**** Provided data ****

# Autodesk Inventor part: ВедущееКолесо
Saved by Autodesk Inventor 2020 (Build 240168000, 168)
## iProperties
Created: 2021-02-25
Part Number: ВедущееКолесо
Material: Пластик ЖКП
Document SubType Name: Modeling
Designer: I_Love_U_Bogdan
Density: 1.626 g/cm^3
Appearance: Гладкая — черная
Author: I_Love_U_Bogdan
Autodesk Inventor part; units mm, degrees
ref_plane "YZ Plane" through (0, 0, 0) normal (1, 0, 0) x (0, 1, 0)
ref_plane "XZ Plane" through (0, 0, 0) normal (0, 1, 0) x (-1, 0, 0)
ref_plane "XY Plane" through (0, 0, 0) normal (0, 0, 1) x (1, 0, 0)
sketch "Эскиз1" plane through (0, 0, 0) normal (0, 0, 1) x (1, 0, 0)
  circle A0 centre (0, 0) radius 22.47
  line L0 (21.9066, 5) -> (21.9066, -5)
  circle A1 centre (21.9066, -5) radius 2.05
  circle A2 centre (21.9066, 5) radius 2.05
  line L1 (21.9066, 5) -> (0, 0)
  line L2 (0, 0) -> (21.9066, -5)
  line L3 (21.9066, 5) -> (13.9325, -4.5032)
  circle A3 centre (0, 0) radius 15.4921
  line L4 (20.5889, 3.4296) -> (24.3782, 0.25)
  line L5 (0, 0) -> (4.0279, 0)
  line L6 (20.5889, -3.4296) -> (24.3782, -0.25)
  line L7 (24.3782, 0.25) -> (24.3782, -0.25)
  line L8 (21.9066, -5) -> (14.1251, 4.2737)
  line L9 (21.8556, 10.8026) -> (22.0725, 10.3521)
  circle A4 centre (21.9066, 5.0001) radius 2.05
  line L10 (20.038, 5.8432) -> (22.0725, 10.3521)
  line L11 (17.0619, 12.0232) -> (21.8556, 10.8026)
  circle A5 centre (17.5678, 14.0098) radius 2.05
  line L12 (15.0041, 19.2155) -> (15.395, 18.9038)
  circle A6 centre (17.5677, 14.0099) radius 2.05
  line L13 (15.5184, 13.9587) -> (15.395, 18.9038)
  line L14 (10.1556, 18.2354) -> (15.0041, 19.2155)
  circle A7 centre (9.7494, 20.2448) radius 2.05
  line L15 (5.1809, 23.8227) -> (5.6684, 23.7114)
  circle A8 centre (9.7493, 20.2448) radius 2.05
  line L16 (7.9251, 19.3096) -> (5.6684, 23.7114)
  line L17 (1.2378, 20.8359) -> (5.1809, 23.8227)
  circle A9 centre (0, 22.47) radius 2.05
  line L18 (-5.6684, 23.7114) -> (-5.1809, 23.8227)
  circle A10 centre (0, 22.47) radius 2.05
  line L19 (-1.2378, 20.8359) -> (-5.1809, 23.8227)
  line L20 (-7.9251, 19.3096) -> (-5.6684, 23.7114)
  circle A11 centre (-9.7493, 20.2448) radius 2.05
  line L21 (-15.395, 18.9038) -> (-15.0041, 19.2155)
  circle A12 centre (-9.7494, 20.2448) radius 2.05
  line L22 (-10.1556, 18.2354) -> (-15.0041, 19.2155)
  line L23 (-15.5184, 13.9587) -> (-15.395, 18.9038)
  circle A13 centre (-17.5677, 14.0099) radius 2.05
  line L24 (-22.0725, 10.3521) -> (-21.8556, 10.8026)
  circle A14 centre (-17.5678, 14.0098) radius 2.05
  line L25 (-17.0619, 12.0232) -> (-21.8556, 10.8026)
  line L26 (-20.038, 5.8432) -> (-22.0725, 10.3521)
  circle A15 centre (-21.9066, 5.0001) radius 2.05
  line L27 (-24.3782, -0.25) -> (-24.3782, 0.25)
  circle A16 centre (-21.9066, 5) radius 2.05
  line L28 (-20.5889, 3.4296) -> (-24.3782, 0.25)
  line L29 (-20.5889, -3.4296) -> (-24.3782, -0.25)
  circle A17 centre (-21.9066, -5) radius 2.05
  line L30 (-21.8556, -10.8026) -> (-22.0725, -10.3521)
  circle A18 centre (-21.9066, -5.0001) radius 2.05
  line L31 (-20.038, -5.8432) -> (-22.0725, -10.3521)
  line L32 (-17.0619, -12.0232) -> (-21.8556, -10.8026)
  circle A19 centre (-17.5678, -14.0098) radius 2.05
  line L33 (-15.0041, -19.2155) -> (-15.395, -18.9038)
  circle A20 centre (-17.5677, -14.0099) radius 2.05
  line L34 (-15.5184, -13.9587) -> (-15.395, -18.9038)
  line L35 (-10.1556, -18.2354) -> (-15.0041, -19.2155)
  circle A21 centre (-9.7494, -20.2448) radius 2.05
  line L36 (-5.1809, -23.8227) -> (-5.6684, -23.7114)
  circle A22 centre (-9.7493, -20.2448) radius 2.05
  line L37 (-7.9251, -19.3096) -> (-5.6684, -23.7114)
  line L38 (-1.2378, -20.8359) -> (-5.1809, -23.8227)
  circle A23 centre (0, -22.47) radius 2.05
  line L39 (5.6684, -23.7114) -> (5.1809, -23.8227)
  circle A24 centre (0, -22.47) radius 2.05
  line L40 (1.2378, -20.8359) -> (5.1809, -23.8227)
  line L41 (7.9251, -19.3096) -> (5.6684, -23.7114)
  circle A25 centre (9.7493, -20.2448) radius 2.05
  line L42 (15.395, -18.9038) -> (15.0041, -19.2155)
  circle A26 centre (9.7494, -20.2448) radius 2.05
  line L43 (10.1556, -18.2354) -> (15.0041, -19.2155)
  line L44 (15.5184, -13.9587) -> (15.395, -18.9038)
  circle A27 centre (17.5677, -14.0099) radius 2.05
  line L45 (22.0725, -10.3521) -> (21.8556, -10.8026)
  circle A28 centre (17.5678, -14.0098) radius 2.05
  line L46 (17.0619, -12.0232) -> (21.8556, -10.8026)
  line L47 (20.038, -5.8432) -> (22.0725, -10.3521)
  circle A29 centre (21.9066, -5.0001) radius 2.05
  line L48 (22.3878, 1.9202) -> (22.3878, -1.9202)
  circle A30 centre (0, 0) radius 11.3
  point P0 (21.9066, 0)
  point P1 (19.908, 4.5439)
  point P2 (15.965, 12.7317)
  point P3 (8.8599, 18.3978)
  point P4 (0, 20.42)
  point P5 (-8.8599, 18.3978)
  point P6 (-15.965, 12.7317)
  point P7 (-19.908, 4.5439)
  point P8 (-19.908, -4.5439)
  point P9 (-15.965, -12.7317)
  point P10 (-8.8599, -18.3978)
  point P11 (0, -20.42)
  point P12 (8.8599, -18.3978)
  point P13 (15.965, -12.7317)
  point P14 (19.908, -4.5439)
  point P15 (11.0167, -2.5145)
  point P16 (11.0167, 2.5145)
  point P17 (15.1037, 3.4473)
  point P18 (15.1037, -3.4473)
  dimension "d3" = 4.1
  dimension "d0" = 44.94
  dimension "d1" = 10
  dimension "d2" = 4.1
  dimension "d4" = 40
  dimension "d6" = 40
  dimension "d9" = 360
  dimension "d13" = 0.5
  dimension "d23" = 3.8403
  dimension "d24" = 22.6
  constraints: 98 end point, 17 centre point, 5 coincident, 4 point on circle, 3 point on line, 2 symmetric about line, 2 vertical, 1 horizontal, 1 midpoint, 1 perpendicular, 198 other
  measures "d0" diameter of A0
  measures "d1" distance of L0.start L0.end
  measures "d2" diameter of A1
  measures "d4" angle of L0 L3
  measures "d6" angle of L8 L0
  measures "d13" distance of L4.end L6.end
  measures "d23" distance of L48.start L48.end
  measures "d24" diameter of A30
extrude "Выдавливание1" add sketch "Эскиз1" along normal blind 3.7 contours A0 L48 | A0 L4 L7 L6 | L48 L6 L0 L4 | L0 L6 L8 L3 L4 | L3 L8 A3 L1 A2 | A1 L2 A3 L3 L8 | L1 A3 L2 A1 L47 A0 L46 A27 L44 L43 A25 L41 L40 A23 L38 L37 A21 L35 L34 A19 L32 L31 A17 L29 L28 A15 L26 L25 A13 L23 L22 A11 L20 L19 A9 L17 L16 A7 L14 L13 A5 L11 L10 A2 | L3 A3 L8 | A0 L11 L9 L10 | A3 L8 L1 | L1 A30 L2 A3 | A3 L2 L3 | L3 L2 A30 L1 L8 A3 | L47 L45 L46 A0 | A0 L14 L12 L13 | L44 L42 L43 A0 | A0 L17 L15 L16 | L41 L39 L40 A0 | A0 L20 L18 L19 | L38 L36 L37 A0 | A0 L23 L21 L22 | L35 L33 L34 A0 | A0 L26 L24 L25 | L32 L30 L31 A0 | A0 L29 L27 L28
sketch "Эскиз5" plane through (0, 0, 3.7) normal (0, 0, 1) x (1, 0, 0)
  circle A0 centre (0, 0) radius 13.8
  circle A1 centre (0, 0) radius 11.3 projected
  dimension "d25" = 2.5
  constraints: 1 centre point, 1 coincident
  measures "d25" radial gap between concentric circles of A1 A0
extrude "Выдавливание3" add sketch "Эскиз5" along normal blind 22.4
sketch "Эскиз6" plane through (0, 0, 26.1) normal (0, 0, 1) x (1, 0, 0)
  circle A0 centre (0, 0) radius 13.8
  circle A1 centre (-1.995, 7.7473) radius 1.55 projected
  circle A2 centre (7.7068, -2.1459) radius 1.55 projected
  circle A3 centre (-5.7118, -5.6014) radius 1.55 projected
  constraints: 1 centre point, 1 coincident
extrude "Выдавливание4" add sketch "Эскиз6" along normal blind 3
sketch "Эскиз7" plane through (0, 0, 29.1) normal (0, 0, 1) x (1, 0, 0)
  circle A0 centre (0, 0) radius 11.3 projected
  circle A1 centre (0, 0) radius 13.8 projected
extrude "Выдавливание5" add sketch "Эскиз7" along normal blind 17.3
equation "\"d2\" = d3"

****

Assignment>
Copy exactly the lines from the top of the entries through the line with "line L3 (21.9066, 5) -> (13.9325, -4.5032)" in it, please, keeping both ends and adding nothing.

Answer for the task>
# Autodesk Inventor part: ВедущееКолесо
Saved by Autodesk Inventor 2020 (Build 240168000, 168)
## iProperties
Created: 2021-02-25
Part Number: ВедущееКолесо
Material: Пластик ЖКП
Document SubType Name: Modeling
Designer: I_Love_U_Bogdan
Density: 1.626 g/cm^3
Appearance: Гладкая — черная
Author: I_Love_U_Bogdan
Autodesk Inventor part; units mm, degrees
ref_plane "YZ Plane" through (0, 0, 0) normal (1, 0, 0) x (0, 1, 0)
ref_plane "XZ Plane" through (0, 0, 0) normal (0, 1, 0) x (-1, 0, 0)
ref_plane "XY Plane" through (0, 0, 0) normal (0, 0, 1) x (1, 0, 0)
sketch "Эскиз1" plane through (0, 0, 0) normal (0, 0, 1) x (1, 0, 0)
  circle A0 centre (0, 0) radius 22.47
  line L0 (21.9066, 5) -> (21.9066, -5)
  circle A1 centre (21.9066, -5) radius 2.05
  circle A2 centre (21.9066, 5) radius 2.05
  line L1 (21.9066, 5) -> (0, 0)
  line L2 (0, 0) -> (21.9066, -5)
  line L3 (21.9066, 5) -> (13.9325, -4.5032)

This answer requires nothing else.